Dataset records:
• • •

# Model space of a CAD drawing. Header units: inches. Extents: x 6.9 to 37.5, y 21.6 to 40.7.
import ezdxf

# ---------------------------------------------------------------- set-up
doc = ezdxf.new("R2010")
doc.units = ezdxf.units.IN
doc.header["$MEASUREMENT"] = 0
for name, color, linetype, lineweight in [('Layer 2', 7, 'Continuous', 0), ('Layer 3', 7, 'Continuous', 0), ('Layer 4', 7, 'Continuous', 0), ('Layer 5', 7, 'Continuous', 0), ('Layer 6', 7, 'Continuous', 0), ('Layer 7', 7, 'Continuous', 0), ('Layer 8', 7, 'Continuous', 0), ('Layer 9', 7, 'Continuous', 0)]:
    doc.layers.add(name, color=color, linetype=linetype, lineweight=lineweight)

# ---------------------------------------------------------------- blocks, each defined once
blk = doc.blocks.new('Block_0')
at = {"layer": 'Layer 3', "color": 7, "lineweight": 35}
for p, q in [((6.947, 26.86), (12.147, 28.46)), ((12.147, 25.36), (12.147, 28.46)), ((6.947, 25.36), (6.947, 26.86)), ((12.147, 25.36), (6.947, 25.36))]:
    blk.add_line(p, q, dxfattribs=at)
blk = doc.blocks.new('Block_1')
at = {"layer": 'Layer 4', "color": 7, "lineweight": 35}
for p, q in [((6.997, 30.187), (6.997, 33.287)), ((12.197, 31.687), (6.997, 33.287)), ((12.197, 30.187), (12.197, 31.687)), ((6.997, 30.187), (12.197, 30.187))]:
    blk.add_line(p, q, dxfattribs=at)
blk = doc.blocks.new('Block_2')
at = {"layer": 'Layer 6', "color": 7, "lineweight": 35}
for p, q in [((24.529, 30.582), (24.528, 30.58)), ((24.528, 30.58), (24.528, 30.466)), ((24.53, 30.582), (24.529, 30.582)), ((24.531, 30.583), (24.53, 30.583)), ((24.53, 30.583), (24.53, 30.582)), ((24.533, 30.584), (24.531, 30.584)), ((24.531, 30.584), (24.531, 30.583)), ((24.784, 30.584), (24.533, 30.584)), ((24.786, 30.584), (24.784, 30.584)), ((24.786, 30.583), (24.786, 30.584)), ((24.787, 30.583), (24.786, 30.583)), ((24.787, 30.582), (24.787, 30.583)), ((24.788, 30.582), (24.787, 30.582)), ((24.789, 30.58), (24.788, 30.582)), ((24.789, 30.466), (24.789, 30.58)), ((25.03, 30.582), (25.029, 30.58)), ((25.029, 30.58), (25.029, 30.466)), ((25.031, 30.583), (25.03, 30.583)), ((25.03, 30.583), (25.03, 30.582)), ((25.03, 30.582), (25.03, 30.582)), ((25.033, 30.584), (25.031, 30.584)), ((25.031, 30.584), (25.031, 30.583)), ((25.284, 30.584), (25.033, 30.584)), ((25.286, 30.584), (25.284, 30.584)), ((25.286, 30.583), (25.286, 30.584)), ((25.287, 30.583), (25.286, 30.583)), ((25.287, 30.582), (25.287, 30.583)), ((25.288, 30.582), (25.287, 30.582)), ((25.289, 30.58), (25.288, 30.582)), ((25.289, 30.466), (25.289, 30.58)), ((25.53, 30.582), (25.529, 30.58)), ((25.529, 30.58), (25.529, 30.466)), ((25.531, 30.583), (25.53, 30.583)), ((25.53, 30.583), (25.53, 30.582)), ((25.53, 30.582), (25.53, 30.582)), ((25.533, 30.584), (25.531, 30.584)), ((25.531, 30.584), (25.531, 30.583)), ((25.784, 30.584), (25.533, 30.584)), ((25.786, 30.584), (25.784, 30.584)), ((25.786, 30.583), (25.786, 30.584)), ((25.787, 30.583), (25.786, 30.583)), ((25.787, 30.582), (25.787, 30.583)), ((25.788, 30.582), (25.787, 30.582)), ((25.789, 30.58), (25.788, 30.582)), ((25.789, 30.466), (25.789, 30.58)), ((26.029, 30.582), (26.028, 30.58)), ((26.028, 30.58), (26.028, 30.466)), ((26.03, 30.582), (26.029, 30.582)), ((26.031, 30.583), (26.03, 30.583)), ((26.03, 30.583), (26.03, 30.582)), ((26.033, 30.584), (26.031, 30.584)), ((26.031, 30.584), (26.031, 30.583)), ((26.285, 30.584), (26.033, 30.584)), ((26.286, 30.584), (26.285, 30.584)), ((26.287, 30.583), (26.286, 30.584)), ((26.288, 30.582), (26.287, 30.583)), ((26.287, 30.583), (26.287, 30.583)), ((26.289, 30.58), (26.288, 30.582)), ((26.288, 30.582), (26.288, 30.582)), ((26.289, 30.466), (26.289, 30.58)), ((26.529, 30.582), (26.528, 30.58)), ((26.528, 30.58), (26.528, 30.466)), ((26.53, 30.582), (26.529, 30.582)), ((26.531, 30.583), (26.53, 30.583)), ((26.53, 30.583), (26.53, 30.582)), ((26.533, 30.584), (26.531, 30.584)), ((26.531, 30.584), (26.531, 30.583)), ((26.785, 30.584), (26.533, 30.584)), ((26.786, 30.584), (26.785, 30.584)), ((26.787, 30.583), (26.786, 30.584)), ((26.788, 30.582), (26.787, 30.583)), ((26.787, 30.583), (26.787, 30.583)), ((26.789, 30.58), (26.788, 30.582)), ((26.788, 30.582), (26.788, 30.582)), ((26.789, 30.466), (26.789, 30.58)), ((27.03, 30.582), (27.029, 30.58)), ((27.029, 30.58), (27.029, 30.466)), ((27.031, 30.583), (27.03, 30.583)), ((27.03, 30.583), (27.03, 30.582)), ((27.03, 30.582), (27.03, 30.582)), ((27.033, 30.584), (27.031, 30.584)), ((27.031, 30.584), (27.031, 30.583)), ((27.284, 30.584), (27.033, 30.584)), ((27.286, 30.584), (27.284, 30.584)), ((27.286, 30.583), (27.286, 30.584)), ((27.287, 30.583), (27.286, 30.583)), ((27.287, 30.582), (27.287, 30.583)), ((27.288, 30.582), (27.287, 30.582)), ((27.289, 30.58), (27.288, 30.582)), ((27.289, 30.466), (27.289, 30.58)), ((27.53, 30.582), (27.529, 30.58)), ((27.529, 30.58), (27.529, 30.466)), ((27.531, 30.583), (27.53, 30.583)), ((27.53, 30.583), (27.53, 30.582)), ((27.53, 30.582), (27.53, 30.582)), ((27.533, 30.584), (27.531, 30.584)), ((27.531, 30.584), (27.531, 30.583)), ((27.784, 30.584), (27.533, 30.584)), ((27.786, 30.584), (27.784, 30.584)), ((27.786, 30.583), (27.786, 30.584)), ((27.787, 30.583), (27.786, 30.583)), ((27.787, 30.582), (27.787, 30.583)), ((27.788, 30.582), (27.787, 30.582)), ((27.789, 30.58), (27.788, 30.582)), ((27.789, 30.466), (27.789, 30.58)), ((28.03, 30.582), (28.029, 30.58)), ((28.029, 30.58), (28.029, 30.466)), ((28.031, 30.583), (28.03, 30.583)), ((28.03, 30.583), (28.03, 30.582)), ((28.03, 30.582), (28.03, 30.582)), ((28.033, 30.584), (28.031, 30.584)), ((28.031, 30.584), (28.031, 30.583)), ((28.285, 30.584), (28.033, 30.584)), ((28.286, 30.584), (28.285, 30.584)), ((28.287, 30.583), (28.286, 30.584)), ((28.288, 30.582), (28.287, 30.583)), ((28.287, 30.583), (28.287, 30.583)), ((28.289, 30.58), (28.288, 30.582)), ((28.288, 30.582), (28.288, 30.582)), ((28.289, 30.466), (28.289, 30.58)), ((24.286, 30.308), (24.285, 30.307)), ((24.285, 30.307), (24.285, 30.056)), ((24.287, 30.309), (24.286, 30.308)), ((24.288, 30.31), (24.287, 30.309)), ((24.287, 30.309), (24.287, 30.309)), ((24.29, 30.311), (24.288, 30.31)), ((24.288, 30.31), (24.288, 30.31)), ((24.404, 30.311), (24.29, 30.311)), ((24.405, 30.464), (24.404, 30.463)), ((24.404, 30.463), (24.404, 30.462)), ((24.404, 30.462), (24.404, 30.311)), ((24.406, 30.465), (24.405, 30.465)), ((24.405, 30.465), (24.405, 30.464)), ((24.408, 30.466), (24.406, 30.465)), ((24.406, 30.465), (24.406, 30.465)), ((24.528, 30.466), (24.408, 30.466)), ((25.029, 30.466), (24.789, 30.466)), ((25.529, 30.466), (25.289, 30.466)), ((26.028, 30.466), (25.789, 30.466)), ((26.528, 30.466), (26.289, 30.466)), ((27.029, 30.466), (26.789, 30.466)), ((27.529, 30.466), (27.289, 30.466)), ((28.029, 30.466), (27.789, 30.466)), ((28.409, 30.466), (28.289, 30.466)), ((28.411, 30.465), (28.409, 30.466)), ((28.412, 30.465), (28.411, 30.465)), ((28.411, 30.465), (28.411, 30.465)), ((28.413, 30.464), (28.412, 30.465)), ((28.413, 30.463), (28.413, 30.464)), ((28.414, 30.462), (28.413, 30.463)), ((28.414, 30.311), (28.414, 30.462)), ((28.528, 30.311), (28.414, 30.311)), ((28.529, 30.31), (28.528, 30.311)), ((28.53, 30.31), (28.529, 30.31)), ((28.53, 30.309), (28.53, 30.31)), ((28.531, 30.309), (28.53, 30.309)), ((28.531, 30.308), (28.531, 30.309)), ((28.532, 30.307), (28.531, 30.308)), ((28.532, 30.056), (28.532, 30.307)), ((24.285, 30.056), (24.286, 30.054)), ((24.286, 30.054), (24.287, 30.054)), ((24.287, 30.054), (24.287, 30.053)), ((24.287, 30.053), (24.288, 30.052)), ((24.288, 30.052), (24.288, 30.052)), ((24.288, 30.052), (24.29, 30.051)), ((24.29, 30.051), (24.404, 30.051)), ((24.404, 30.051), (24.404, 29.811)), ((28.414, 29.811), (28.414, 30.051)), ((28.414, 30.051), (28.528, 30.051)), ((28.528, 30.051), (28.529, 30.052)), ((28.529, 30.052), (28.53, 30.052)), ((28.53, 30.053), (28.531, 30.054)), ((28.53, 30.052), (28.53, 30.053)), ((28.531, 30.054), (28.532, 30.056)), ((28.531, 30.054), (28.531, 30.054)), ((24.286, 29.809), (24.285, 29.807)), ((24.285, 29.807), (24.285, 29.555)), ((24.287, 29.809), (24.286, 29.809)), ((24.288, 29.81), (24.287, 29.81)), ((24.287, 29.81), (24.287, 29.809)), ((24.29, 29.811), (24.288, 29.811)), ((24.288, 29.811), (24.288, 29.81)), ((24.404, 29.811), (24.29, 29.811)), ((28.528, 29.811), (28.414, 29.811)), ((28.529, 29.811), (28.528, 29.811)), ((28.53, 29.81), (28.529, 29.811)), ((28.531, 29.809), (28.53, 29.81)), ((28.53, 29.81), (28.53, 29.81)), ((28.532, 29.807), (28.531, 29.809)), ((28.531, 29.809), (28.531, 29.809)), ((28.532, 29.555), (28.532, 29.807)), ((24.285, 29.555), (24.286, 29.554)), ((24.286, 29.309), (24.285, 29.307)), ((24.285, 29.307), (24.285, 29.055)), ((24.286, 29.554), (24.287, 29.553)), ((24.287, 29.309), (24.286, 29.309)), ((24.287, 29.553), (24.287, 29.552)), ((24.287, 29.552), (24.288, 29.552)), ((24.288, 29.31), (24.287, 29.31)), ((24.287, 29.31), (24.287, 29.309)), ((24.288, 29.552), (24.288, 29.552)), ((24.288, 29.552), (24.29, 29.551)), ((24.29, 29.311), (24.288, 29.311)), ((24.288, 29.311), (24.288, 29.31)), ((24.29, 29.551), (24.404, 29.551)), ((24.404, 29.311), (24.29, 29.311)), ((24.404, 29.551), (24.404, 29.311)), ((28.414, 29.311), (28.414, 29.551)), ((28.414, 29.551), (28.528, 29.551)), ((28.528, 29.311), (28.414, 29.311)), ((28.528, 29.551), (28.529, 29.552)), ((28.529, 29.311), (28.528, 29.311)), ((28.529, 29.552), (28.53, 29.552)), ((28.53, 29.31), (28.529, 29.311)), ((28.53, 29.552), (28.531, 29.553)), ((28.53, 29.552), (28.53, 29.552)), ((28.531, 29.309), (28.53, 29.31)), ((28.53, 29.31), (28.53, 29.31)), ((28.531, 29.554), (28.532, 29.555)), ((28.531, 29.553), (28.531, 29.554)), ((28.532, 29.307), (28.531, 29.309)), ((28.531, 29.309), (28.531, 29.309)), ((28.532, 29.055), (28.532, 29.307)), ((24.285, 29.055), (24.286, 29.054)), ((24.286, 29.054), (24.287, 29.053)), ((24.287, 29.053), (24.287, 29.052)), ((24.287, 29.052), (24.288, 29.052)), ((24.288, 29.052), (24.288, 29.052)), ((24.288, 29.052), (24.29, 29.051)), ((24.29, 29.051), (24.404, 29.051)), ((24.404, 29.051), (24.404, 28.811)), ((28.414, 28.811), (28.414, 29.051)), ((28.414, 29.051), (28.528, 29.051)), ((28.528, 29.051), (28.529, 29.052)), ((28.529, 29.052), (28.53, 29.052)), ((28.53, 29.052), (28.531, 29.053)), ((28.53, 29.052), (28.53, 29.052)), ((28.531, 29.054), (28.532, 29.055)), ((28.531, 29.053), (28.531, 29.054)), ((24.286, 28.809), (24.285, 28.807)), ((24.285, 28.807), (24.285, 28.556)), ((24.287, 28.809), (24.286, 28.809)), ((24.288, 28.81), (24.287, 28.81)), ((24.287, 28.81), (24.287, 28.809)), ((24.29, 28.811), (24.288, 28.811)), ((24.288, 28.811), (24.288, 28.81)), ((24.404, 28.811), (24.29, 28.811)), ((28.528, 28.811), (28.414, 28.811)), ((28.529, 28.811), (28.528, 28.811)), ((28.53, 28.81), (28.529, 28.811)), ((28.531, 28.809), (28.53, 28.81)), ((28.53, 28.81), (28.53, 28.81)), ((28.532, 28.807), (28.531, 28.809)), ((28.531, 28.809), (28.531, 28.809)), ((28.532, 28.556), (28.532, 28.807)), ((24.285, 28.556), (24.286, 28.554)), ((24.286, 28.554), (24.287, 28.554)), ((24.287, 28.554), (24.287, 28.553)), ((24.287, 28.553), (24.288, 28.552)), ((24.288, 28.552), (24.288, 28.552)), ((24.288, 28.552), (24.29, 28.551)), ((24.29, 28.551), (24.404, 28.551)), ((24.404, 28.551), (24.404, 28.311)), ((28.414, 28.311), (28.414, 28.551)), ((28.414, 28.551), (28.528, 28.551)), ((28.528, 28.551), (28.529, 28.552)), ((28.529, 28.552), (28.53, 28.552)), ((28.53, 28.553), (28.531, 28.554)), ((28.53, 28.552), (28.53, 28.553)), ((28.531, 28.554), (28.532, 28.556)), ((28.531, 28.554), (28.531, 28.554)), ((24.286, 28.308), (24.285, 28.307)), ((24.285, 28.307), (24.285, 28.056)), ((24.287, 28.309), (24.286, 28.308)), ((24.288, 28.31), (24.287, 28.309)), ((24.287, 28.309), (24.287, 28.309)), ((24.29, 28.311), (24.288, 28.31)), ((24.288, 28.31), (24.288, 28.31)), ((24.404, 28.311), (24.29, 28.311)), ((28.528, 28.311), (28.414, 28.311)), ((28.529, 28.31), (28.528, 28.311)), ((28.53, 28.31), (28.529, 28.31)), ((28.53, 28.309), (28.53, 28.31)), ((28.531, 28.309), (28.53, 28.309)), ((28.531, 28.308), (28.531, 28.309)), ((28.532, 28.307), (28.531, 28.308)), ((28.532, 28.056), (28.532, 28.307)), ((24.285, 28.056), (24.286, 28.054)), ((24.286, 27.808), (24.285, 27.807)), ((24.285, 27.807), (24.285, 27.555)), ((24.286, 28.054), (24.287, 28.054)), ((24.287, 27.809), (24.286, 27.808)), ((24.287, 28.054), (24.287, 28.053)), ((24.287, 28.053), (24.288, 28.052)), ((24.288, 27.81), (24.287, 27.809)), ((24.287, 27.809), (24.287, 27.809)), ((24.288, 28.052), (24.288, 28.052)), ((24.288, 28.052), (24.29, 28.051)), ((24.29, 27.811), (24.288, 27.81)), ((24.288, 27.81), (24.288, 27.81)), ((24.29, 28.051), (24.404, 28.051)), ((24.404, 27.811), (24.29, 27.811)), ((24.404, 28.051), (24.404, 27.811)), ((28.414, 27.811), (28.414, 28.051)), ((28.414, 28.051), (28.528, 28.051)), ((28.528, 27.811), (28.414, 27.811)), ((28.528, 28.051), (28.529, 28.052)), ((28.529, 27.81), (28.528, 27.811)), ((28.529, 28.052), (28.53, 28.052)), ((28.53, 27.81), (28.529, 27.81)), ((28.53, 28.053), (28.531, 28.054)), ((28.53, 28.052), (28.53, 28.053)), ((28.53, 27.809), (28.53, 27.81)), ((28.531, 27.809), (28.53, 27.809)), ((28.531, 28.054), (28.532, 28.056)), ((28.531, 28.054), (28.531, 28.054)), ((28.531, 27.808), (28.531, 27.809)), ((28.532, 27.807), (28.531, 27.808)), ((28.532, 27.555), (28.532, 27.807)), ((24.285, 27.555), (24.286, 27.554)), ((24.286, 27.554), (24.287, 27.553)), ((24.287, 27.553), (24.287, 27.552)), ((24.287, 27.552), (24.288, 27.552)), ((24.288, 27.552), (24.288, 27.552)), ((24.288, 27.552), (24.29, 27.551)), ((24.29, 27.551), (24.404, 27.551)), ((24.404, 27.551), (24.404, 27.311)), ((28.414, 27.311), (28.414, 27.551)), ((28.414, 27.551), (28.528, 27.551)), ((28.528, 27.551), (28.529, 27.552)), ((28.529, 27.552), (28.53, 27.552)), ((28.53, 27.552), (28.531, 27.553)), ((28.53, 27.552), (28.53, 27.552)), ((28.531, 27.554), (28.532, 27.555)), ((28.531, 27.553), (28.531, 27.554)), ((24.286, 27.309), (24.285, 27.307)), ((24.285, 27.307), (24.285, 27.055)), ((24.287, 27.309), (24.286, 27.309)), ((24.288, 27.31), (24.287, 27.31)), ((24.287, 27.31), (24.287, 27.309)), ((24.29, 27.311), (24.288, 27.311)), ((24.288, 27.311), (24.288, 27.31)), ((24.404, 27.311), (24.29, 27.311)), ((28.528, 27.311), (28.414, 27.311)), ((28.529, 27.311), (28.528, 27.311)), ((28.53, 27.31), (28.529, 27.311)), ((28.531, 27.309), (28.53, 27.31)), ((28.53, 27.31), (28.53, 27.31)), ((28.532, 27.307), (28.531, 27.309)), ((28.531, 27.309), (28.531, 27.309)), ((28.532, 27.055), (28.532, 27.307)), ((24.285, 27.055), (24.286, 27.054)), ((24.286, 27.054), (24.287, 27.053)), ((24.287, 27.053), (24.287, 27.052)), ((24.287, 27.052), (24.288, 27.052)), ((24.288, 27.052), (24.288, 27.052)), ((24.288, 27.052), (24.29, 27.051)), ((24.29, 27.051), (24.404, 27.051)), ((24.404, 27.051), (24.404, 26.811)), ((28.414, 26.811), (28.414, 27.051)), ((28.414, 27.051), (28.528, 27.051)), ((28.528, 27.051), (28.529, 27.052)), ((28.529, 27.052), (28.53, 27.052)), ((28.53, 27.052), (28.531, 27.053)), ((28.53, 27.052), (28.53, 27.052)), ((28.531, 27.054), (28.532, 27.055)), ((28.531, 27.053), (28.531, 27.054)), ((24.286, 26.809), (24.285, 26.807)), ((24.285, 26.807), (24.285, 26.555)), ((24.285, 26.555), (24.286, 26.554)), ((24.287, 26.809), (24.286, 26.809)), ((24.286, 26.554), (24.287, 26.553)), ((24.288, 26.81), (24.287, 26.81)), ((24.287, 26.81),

• • •

Problem description | Please find the lines in the data that contain the word "blocks" and copy them.

Solution to this exercise |
# ---------------------------------------------------------------- blocks, each defined once
blk = doc.blocks.new('Block_0')
blk = doc.blocks.new('Block_1')
blk = doc.blocks.new('Block_2')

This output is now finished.